Observations on different quantitative characters like shoot length (SL), root length (RL), hypocotyl length (HL), epicotyl length (EL), plant height at 30 days (PH@30), plant height at 40 days (PH@40), plant height at harvest (PH@HVT) were recorded using measuring scale and also days to flowering (DF), days to maturity (DM), pod length (POD_L), number of branches per plant (NBP), number of pods per plant (NPP), seed size (SS) and 100 seed weight (TW), shoot length (Shoot_L), seed weight (SW), seed length (SL), seed thickness (ST) and seed yield (SY) were recorded on five randomly selected plants from each germplasm accession and check variety following DUS and UPOVA descriptors (Anonymous, 2009). The number and per cent accessions belonging to each class were counted and computed, respectively. To identify major factors that contribute to seed yield and for prediction of seed yield, we used different statistical tools like multiple linear regression (MLR), principle component regression (PCR), regression tree and random forest technique. Pearson correlation and variance inflation factor (VIF) approaches are used to decide multicollinearity in independent variables. If VIF value of any independent variable is more than 10 indicates multicollinearity (Olivoto et al., 2017).
       
The popular prediction evaluation methods like coefficient of determination (R2), root mean squared error (RMSE) and mean absolute percentage error (MAPE) used to evaluates the accuracy of prediction models (Naveena et al., 2017) as given in the Framework of the proposed system is portrayed in Fig 1. To check the prediction accuracy of the above models the data was divided into 2 sets viz. training and testing. 80 per cent observations were used for training the model and 20 per cent observation for testing of models.
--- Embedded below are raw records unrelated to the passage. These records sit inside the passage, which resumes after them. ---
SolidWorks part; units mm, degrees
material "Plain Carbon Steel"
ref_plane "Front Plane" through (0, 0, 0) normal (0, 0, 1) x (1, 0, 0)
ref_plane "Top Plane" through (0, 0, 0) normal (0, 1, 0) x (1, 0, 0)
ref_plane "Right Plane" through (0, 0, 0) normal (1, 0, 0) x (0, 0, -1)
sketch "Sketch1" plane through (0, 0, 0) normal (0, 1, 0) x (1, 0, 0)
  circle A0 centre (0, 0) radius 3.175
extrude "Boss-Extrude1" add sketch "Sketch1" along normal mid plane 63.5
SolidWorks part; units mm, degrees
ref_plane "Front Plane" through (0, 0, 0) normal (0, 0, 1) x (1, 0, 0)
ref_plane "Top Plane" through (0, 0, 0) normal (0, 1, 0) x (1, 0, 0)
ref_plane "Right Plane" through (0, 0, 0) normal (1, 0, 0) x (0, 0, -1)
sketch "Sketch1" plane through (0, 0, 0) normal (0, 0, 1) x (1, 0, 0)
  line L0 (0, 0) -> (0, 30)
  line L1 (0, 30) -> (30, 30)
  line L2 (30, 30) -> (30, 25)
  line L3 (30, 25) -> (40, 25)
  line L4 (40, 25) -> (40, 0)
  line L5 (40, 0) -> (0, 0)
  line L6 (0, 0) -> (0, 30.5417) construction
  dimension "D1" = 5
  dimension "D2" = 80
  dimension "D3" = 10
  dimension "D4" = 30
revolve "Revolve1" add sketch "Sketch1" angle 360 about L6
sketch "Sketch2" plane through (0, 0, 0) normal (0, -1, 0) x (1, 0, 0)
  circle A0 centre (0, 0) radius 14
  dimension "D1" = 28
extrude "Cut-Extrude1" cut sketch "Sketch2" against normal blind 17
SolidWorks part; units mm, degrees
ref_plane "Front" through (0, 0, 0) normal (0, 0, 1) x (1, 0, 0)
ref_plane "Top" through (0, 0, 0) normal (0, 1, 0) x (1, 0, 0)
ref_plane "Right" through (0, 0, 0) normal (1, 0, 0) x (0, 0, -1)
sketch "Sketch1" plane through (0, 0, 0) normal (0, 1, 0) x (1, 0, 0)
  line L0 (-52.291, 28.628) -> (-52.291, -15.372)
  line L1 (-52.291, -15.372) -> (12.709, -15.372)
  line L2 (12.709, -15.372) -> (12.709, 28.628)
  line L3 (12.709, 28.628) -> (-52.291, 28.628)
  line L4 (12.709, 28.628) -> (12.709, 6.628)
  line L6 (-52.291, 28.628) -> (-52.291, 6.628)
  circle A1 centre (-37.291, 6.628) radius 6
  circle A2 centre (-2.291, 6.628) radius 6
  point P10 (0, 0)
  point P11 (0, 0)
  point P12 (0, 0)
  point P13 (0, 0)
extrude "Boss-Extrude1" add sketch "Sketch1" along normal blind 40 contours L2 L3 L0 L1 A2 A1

Different packages under R studio were applied to analyse above mentioned models.
 

Fig 1: Frame work for proposed system.

An attempt was made to develop the model  for identify suitable morpho metric variables which  project seed yield of soybean germplasm accessions which is having higher genetic variability (Shruthi et al., 2021). The results from the Multiple linear regression (MLR) indicates the VIF values of the most of the variables are more than 10 (Table 1)  and high correlation between independent variables (Fig 2) indicting multicollinearity problem in the data set. So this problem effecting the results of MLR and leads to wrong interpretation. Even 85.2 per cent of variation of seed yield explained by selected cause variables (R2 = 0.852), only few variables (number of pod per plant (0.70**) and days to maturity (-0.28**) are significantly contributing to changes in the seed yield (Table 1). To overcome this problem of multicollinearity observed among biometric data and for the identification of major factors of influence, the principal component regression is used (Goyal and Verma 2018). The eigenvalues corresponding to each principal component represents the variance connected with the particular principal component. The first four eigenvalues had eigen value more than 1 and explains a total of 80.28% variability present in the data. So, the first four eigenvalues are selected to build principle component regression model. The rotated component factor loadings are presented in Table 1. The factor loadings represent the weights assigned to each of the variables in the linear combination corresponding to each eigen value.
 

Fig 2: Correlation matrix between biometric variables.


 

Table 1: Multiple liner regression and principal component regression forselection of morphological traits.


       
The linear combination of these factor loadings with the corresponding variables gives the corresponding principal components. To assess the degree of relationship between principal components and seed yield, we tried principal component regression by considering the principal components as independent variables and seed yield as the dependent variable. Here first (5.78**) and fourth principal component regression coefficients (6.30**) are significantly contributing to seed yield, so variables which having factor loadings more than 0.7 under first and fourth principal component considered as important variables for seed yield improvement. So as per Table 1 principle component regression showed quantitative variables like shoot length (0.87), root length (0.87), hypocotyl length (0.81), epicotyl length (0.74), plant height at 30 days (0.84), plant height at 40 days (0.87), plant height at harvest (0.83), number of pods per plant (0.70) and shoot length(0.87) are significantly contributing to the seed yield. Even though PCR works better under the multicollinearity situation but prediction accuracy of this model is less (R2=0.582) so further we tried regression tree and random forest models which works well under multicollinearity situation with high prediction accuracy.
       
The regression tree ranks the variables based on its contribution to predicting the seed yield using the classification and regression tree (CRT) method, the part algorithm of R software used to build the model. Fig 3 represents the results of regression tree modeling about the importance of morphological character on seed yield. Which defined higher the importance of variable when it possesses higher importance score. The order of performance of the variables was as follows number of pods per plant (9425.73) > number of branches per plant (2153.73) > plant height at harvest (1823.25) etc. as given in Fig 3. While, seed size, seed thickness, days to maturity having importance scores near to zero so they never apperars as primary or a surrogate splitters and regression tree model eliminate this varibles from tree. Number of pods per plant, number of branches per plant, plant height at harvest, plant height at 30 and plant height at 40 days will be considered as important traits besed on the high impotance score as given in Fig 3. Overall prediction accuracy of this model is (R2=0.766) much better than Principle component regression (R2=0.582) as given in Table 2 hence, further we are trying random forest model.
 

Fig 3: Importance of morphological characters vs seed yield through regression tree (A) and random forest (B).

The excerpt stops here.